>>>
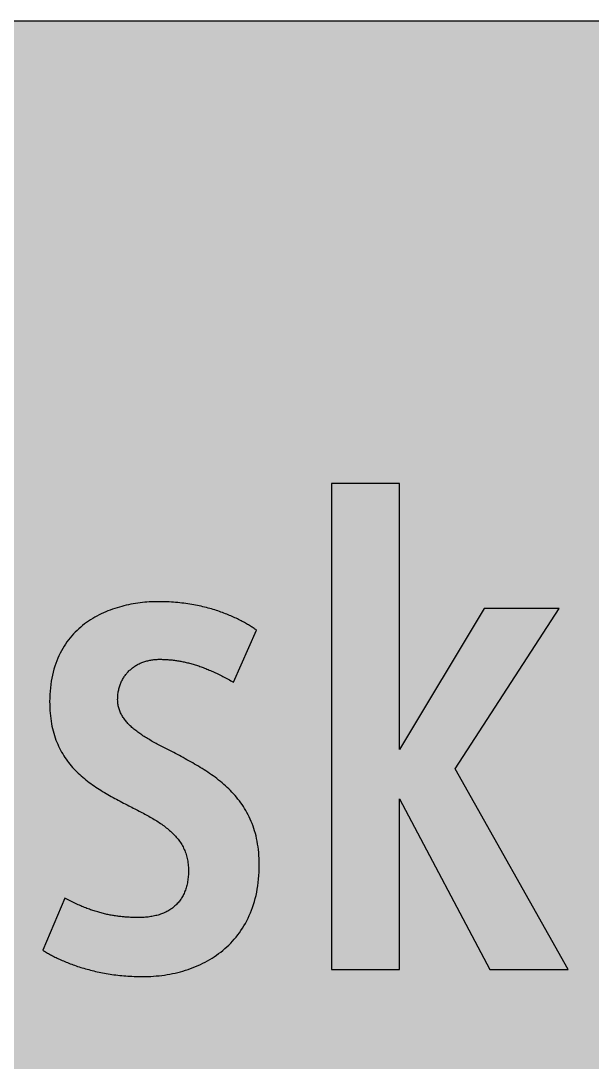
# Model space of a CAD drawing. Header units: millimetres. Extents: x 0 to 212, y 0 to 318.
# Drawn here: x 113.6 to 157.1, y 238.2 to 317.6 of the extents above; entities that cross this region are included whole.
import ezdxf

# ---------------------------------------------------------------- set-up
doc = ezdxf.new("R2010")
doc.units = ezdxf.units.MM

msp = doc.modelspace()

# ---------------------------------------------------------------- hatches: boundary and pattern name
for color, points in [(40, [(14.1633, 0.0536), (13.9878, 0.0533), (13.8125, 0.0559), (13.6373, 0.061), (13.462, 0.0686), (13.2893, 0.0787), (13.114, 0.0914), (12.9413, 0.1041), (12.7686, 0.1219), (12.5959, 0.1397), (12.4231, 0.16), (12.2504, 0.1829), (12.0777, 0.2057), (11.9075, 0.2337), (11.7373, 0.2616), (11.5672, 0.2921), (11.397, 0.3251), (11.2268, 0.3607), (11.0592, 0.3988), (10.8915, 0.4369), (10.7239, 0.4775), (10.5562, 0.5207), (10.3886, 0.5664), (10.2235, 0.6121), (10.0584, 0.6629), (9.8933, 0.7137), (9.7307, 0.7671), (9.5682, 0.8204), (9.4056, 0.8788), (9.2431, 0.9373), (9.083, 0.9982), (8.923, 1.0617), (8.763, 1.1252), (8.6055, 1.1938), (8.4455, 1.2624), (8.2906, 1.331), (8.1331, 1.4046), (7.9781, 1.4783), (7.8232, 1.5545), (7.6708, 1.6332), (7.5184, 1.7145), (7.366, 1.7958), (7.2161, 1.8796), (7.0663, 1.966), (6.919, 2.0523), (6.7716, 2.1438), (6.6243, 2.2352), (6.4795, 2.3266), (6.3348, 2.4232), (6.19, 2.5197), (6.0477, 2.6187), (5.908, 2.7178), (5.7683, 2.8194), (5.6286, 2.9235), (5.4915, 3.0302), (5.3543, 3.1369), (5.2197, 3.2461), (5.0851, 3.3579), (4.953, 3.4722), (4.8209, 3.5865), (4.6914, 3.7033), (4.5644, 3.8202), (4.4348, 3.9395), (4.3104, 4.0615), (4.1859, 4.1859), (4.0615, 4.3104), (3.9395, 4.4348), (3.8202, 4.5618), (3.7033, 4.6914), (3.5865, 4.8209), (3.4722, 4.953), (3.3579, 5.0851), (3.2487, 5.2197), (3.1369, 5.3543), (3.0302, 5.4915), (2.9235, 5.6286), (2.8194, 5.7683), (2.7178, 5.908), (2.6187, 6.0477), (2.5197, 6.19), (2.4232, 6.3348), (2.3266, 6.477), (2.2352, 6.6243), (2.1438, 6.7691), (2.0523, 6.9164), (1.966, 7.0663), (1.8796, 7.2161), (1.7958, 7.366), (1.7145, 7.5184), (1.6332, 7.6708), (1.5545, 7.8232), (1.4783, 7.9781), (1.4046, 8.1331), (1.331, 8.2906), (1.2598, 8.4455), (1.1913, 8.603), (1.1252, 8.763), (1.0592, 8.923), (0.9982, 9.083), (0.9373, 9.2431), (0.8763, 9.4056), (0.8204, 9.5682), (0.7645, 9.7307), (0.7112, 9.8933), (0.6604, 10.0584), (0.6121, 10.2235), (0.5639, 10.3911), (0.5207, 10.5562), (0.4775, 10.7239), (0.4343, 10.8915), (0.3962, 11.0592), (0.3607, 11.2268), (0.3251, 11.397), (0.2921, 11.5672), (0.2616, 11.7373), (0.2311, 11.9075), (0.2057, 12.0802), (0.1803, 12.2504), (0.1575, 12.4231), (0.1372, 12.5959), (0.1194, 12.7686), (0.1041, 12.9413), (0.0889, 13.1166), (0.0787, 13.2893), (0.0686, 13.4645), (0.061, 13.6373), (0.0559, 13.8125), (0.0508, 13.9878), (0.0508, 14.163), (0.0522, 303.4425), (0.0508, 303.6164), (0.0559, 303.7916), (0.061, 303.9669), (0.0686, 304.1396), (0.0787, 304.3149), (0.0889, 304.4876), (0.1041, 304.6628), (0.1194, 304.8356), (0.1372, 305.0083), (0.1575, 305.181), (0.1803, 305.3537), (0.2057, 305.5239), (0.2311, 305.6966), (0.2616, 305.8668), (0.2921, 306.037), (0.3251, 306.2072), (0.3607, 306.3748), (0.3962, 306.545), (0.4343, 306.7126), (0.4775, 306.8803), (0.5207, 307.0479), (0.5639, 307.213), (0.6121, 307.3781), (0.6604, 307.5432), (0.7112, 307.7083), (0.7645, 307.8734), (0.8204, 308.036), (0.8763, 308.1985), (0.9373, 308.3611), (0.9982, 308.5211), (1.0592, 308.6811), (1.1252, 308.8411), (1.1913, 308.9986), (1.2598, 309.1561), (1.331, 309.3136), (1.4046, 309.4685), (1.4783, 309.626), (1.5545, 309.7784), (1.6332, 309.9333), (1.7145, 310.0857), (1.7958, 310.2356), (1.8796, 310.388), (1.966, 310.5379), (2.0523, 310.6852), (2.1438, 310.8325), (2.2352, 310.9798), (2.3266, 311.1246), (2.4232, 311.2694), (2.5197, 311.4116), (2.6187, 311.5539), (2.7178, 311.6961), (2.8194, 311.8358), (2.9235, 311.9755), (3.0302, 312.1127), (3.1369, 312.2473), (3.2487, 312.3844), (3.3579, 312.5165), (3.4722, 312.6486), (3.5865, 312.7807), (3.7033, 312.9102), (3.8202, 313.0398), (3.9395, 313.1668), (4.0615, 313.2938), (4.1859, 313.4182), (4.3104, 313.5401), (4.4348, 313.6621), (4.5644, 313.784), (4.6914, 313.9008), (4.8209, 314.0177), (4.953, 314.132), (5.0851, 314.2437), (5.2197, 314.3555), (5.3543, 314.4647), (5.4915, 314.5739), (5.6286, 314.6781), (5.7683, 314.7822), (5.908, 314.8838), (6.0477, 314.9854), (6.19, 315.0845), (6.3348, 315.181), (6.4795, 315.275), (6.6243, 315.3689), (6.7716, 315.4604), (6.919, 315.5493), (7.0663, 315.6382), (7.2161, 315.7245), (7.366, 315.8084), (7.5184, 315.8896), (7.6708, 315.9709), (7.8232, 316.0471), (7.9781, 316.1233), (8.1331, 316.1995), (8.2906, 316.2706), (8.4455, 316.3418), (8.6055, 316.4103), (8.763, 316.4789), (8.923, 316.5424), (9.083, 316.6059), (9.2431, 316.6669), (9.4056, 316.7253), (9.5682, 316.7837), (9.7307, 316.8371), (9.8933, 316.8904), (10.0584, 316.9412), (10.2235, 316.992), (10.3886, 317.0377), (10.5562, 317.0834), (10.7239, 317.1266), (10.8915, 317.1673), (11.0592, 317.2079), (11.2268, 317.2435), (11.397, 317.279), (11.5672, 317.312), (11.7373, 317.3425), (11.9075, 317.3705), (12.0777, 317.3984), (12.2504, 317.4213), (12.4231, 317.4441), (12.5959, 317.4644), (12.7686, 317.4822), (12.9413, 317.5), (13.114, 317.5127), (13.2893, 317.5254), (13.462, 317.5356), (13.6373, 317.5432), (13.8125, 317.5483), (13.9878, 317.5508), (14.163, 317.5533), (197.6078, 317.5536), (197.7822, 317.5508), (197.9574, 317.5483), (198.1327, 317.5432), (198.3054, 317.5356), (198.4807, 317.5254), (198.6534, 317.5127), (198.8287, 317.5), (199.0014, 317.4822), (199.1741, 317.4644), (199.3468, 317.4441), (199.5195, 317.4213), (199.6897, 317.3984), (199.8624, 317.3705), (200.0326, 317.3425), (200.2028, 317.312), (200.373, 317.279), (200.5432, 317.2435), (200.7108, 317.2079), (200.8784, 317.1673), (201.0461, 317.1266), (201.2137, 317.0834), (201.3788, 317.0377), (201.5465, 316.992), (201.7116, 316.9412), (201.8767, 316.8904), (202.0392, 316.8371), (202.2018, 316.7837), (202.3643, 316.7253), (202.5269, 316.6669), (202.6869, 316.6059), (202.8469, 316.5424), (203.007, 316.4789), (203.167, 316.4103), (203.3245, 316.3418), (203.4794, 316.2706), (203.6369, 316.1995), (203.7918, 316.1233), (203.9468, 316.0471), (204.0992, 315.9709), (204.2516, 315.8896), (204.404, 315.8084), (204.5538, 315.7245), (204.7037, 315.6382), (204.8535, 315.5493), (205.0009, 315.4604), (205.1456, 315.3689), (205.293, 315.275), (205.4352, 315.181), (205.58, 315.0845), (205.7222, 314.9854), (205.8619, 314.8838), (206.0016, 314.7822), (206.1413, 314.6781), (206.2785, 314.5739), (206.4156, 314.4647), (206.5503, 314.3555), (206.6849, 314.2437), (206.817, 314.132), (206.949, 314.0177), (207.0786, 313.9008), (207.2081, 313.784), (207.3351, 313.6621), (207.4596, 313.5401), (207.584, 313.4182), (207.7085, 313.2938), (207.8304, 313.1668), (207.9498, 313.0398), (208.0666, 312.9102), (208.1835, 312.7807), (208.2978, 312.6486), (208.4121, 312.5165), (208.5238, 312.3844), (208.6331, 312.2473), (208.7397, 312.1127), (208.8464, 311.9755), (208.9506, 311.8358), (209.0522, 311.6961), (209.1512, 311.5539), (209.2503, 311.4116), (209.3468, 311.2694), (209.4433, 311.1246), (209.5348, 310.9798), (209.6262, 310.8325), (209.7176, 310.6852), (209.804, 310.5379), (209.8904, 310.388), (209.9742, 310.2356), (210.0555, 310.0857), (210.1367, 309.9333), (210.2155, 309.7784), (210.2917, 309.626), (210.3653, 309.4685), (210.439, 309.3136), (210.5076, 309.1561), (210.5762, 308.9986), (210.6447, 308.8411), (210.7082, 308.6811), (210.7717, 308.5211), (210.8327, 308.3611), (210.8911, 308.1985), (210.9495, 308.036), (211.0029, 307.8734), (211.0562, 307.7083), (211.107, 307.5432), (211.1578, 307.3781), (211.2035, 307.213), (211.2493, 307.0479), (211.2924, 306.8803), (211.3331, 306.7126), (211.3712, 306.545), (211.4093, 306.3748), (211.4448, 306.2072), (211.4779, 306.037), (211.5083, 305.8668), (211.5363, 305.6966), (211.5642, 305.5239), (211.5871, 305.3537), (211.6099, 305.181), (211.6303, 305.0083), (211.648, 304.8356), (211.6658, 304.6628), (211.6785, 304.4876), (211.6912, 304.3149), (211.7014, 304.1396), (211.709, 303.9669), (211.7141, 303.7916), (211.7166, 303.6164), (211.7166, 303.4411), (211.7189, 14.1647), (211.7166, 13.9878), (211.7141, 13.8125), (211.709, 13.6373), (211.7014, 13.4645), (211.6912, 13.2893), (211.6785, 13.1166), (211.6658, 12.9413), (211.648, 12.7686), (211.6303, 12.5959), (211.6099, 12.4231), (211.5871, 12.2504), (211.5642, 12.0802), (211.5363, 11.9075), (211.5083, 11.7373), (211.4779, 11.5672), (211.4448, 11.397), (211.4093, 11.2268), (211.3712, 11.0592), (211.3331, 10.8915), (211.2924, 10.7239), (211.2493, 10.5562), (211.2035, 10.3911), (211.1578, 10.2235), (211.107, 10.0584), (211.0562, 9.8933), (211.0029, 9.7307), (210.9495, 9.5682), (210.8911, 9.4056), (210.8327, 9.2431), (210.7717, 9.083), (210.7082, 8.923), (210.6447, 8.763), (210.5762, 8.603), (210.5076, 8.4455), (210.439, 8.2906), (210.3653, 8.1331), (210.2917, 7.9781), (210.2155, 7.8232), (210.1367, 7.6708), (210.0555, 7.5184), (209.9742, 7.366), (209.8904, 7.2161), (209.804, 7.0663), (209.7176, 6.9164), (209.6262, 6.7691), (209.5348, 6.6243), (209.4433, 6.477), (209.3468, 6.3348), (209.2503, 6.19), (209.1512, 6.0477), (209.0522, 5.908), (208.9506, 5.7683), (208.8464, 5.6286), (208.7397, 5.4915), (208.6331, 5.3543), (208.5238, 5.2197), (208.4121, 5.0851), (208.2978, 4.953), (208.1835, 4.8209), (208.0666, 4.6914), (207.9498, 4.5618), (207.8304, 4.4348), (207.7085, 4.3104), (207.584, 4.1859), (207.4596, 4.0615), (207.3351, 3.9395), (207.2081, 3.8202), (207.0786, 3.7033), (206.949, 3.5865), (206.817, 3.4722), (206.6849, 3.3579), (206.5503, 3.2461), (206.4156, 3.1369), (206.2785, 3.0302), (206.1413, 2.9235), (206.0016, 2.8194), (205.8619, 2.7178), (205.7222, 2.6187), (205.58, 2.5197), (205.4352, 2.4232), (205.293, 2.3266), (205.1456, 2.2352), (205.0009, 2.1438), (204.8535, 2.0523), (204.7037, 1.966), (204.5538, 1.8796), (204.404, 1.7958), (204.2516, 1.7145), (204.0992, 1.6332), (203.9468, 1.5545), (203.7918, 1.4783), (203.6369, 1.4046), (203.4794, 1.331), (203.3245, 1.2624), (203.167, 1.1938), (203.007, 1.1252), (202.8469, 1.0617), (202.6869, 0.9982), (202.5269, 0.9373), (202.3643, 0.8788), (202.2018, 0.8204), (202.0392, 0.7671), (201.8767, 0.7137), (201.7116, 0.6629), (201.5465, 0.6121), (201.3788, 0.5664), (201.2137, 0.5207), (201.0461, 0.4775), (200.8784, 0.4369), (200.7108, 0.3988), (200.5432, 0.3607), (200.373, 0.3251), (200.2028, 0.2921), (200.0326, 0.2616), (199.8624, 0.2337), (199.6897, 0.2057), (199.5195, 0.1829), (199.3468, 0.16), (199.1741, 0.1397), (199.0014, 0.1219), (198.8287, 0.1041), (198.6534, 0.0914), (198.4807, 0.0787), (198.3054, 0.0686), (198.1327, 0.061), (197.9574, 0.0559), (197.7822, 0.0533), (197.6069, 0.0533)]), (59, [(142.452, 245.2342), (142.452, 258.251), (149.3312, 245.2342), (155.3104, 245.2342), (146.6854, 260.526), (154.6229, 272.7494), (148.9082, 272.7494), (142.452, 262.0073), (142.452, 282.2744), (137.2665, 282.2744), (137.2665, 245.2342)]), (59, [(122.8729, 244.705), (123.0808, 244.7061), (123.2891, 244.7112), (123.4948, 244.7214), (123.7031, 244.7341), (123.9114, 244.7493), (124.1171, 244.7696), (124.3228, 244.795), (124.5286, 244.823), (124.7343, 244.8535), (124.9375, 244.889), (125.1407, 244.9297), (125.3414, 244.9728), (125.542, 245.0211), (125.7427, 245.0719), (125.9383, 245.1278), (126.1364, 245.1862), (126.3294, 245.2497), (126.5225, 245.3183), (126.713, 245.3894), (126.9035, 245.4656), (127.0889, 245.5443), (127.2743, 245.6282), (127.4572, 245.7171), (127.6375, 245.8085), (127.8153, 245.905), (127.9906, 246.0066), (128.1633, 246.1108), (128.3335, 246.22), (128.5011, 246.3343), (128.6637, 246.4511), (128.8263, 246.573), (128.9837, 246.7), (129.1387, 246.8321), (129.2885, 246.9667), (129.4359, 247.1064), (129.5806, 247.2512), (129.7203, 247.4011), (129.8575, 247.556), (129.9921, 247.7135), (130.1191, 247.8761), (130.2461, 248.0437), (130.3655, 248.2164), (130.4823, 248.3917), (130.5941, 248.5746), (130.7033, 248.76), (130.8049, 248.9505), (130.904, 249.1461), (130.998, 249.3467), (131.0869, 249.5525), (131.1707, 249.7607), (131.2494, 249.9766), (131.3205, 250.1951), (131.3891, 250.4211), (131.4526, 250.6497), (131.511, 250.886), (131.5618, 251.1247), (131.6076, 251.3686), (131.6482, 251.6175), (131.6812, 251.874), (131.7092, 252.1331), (131.732, 252.3973), (131.7473, 252.6665), (131.7574, 252.9434), (131.7625, 253.2228), (131.7574, 253.4641), (131.7498, 253.7003), (131.7371, 253.9314), (131.7193, 254.1575), (131.6965, 254.3785), (131.6685, 254.5969), (131.6355, 254.8077), (131.5974, 255.016), (131.5568, 255.2217), (131.511, 255.4199), (131.4602, 255.6154), (131.4044, 255.8085), (131.3459, 255.9964), (131.2824, 256.1793), (131.2139, 256.3597), (131.1427, 256.5349), (131.0691, 256.7076), (130.9903, 256.8753), (130.9091, 257.0404), (130.8227, 257.2004), (130.7338, 257.3579), (130.6398, 257.5128), (130.5458, 257.6652), (130.4468, 257.8125), (130.3452, 257.9573), (130.241, 258.097), (130.1344, 258.2367), (130.0226, 258.3713), (129.9108, 258.5034), (129.7965, 258.633), (129.6772, 258.76), (129.5578, 258.8844), (129.4359, 259.0063), (129.3114, 259.1257), (129.1869, 259.24), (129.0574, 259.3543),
<<<
= REQUIRED ACTION =
Exactly as they appear, transcribe the lines from the top of the material above through the line with "and pattern name". Omit any picture.

= REPLY TO THE EXERCISE =
# Model space of a CAD drawing. Header units: millimetres. Extents: x 0 to 212, y 0 to 318.
# Drawn here: x 113.6 to 157.1, y 238.2 to 317.6 of the extents above; entities that cross this region are included whole.
import ezdxf

# ---------------------------------------------------------------- set-up
doc = ezdxf.new("R2010")
doc.units = ezdxf.units.MM

msp = doc.modelspace()

# ---------------------------------------------------------------- hatches: boundary and pattern name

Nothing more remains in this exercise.